• [Exercise]
Reproduce exactly the lines from the one containing "[diagram v7a: board, top" through the last line of the records below, both included, and nothing else.

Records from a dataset
=== Begin Enclosure ===

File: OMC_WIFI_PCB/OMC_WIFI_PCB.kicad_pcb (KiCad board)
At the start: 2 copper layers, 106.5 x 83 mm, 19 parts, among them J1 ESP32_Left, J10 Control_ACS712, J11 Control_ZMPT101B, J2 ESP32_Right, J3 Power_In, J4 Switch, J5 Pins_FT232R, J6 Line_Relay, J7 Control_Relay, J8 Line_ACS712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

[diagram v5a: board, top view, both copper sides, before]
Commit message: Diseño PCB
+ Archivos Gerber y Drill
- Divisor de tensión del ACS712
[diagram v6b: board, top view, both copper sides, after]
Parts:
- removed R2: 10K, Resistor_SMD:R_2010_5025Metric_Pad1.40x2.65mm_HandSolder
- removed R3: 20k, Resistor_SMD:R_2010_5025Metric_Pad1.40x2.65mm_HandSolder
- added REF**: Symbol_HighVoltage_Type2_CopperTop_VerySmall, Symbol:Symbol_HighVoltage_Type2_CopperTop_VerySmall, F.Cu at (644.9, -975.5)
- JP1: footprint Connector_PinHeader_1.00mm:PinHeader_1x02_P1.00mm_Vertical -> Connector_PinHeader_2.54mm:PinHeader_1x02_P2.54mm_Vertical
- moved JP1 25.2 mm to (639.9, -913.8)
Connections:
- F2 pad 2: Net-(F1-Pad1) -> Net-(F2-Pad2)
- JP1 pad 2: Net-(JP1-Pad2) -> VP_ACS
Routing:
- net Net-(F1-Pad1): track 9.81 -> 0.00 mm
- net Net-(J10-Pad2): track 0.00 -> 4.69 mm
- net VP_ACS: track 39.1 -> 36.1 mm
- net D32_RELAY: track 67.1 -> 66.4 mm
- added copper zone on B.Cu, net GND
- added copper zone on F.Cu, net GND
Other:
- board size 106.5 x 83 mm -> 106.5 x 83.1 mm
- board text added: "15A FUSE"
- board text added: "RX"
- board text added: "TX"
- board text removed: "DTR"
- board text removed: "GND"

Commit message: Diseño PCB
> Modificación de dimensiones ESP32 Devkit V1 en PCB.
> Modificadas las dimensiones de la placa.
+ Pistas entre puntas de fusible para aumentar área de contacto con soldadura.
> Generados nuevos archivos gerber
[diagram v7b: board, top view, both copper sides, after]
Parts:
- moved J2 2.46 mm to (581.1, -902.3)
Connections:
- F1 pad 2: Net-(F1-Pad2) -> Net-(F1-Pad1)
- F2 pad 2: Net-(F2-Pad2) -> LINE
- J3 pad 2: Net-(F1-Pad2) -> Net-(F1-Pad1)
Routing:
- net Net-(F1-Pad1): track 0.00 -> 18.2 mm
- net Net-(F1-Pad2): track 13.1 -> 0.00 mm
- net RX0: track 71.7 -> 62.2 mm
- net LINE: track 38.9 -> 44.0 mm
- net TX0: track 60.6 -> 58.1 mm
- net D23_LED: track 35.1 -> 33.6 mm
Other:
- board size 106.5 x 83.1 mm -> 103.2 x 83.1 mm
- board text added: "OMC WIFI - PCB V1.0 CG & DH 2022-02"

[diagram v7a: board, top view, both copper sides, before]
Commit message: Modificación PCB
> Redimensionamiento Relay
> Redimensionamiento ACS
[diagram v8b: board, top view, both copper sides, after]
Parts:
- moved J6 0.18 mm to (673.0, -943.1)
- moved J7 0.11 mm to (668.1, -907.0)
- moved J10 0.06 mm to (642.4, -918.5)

=== End Enclosure ===

• [Task answer]
[diagram v7a: board, top view, both copper sides, before]
Commit message: Modificación PCB
> Redimensionamiento Relay
> Redimensionamiento ACS
[diagram v8b: board, top view, both copper sides, after]
Parts:
- moved J6 0.18 mm to (673.0, -943.1)
- moved J7 0.11 mm to (668.1, -907.0)
- moved J10 0.06 mm to (642.4, -918.5)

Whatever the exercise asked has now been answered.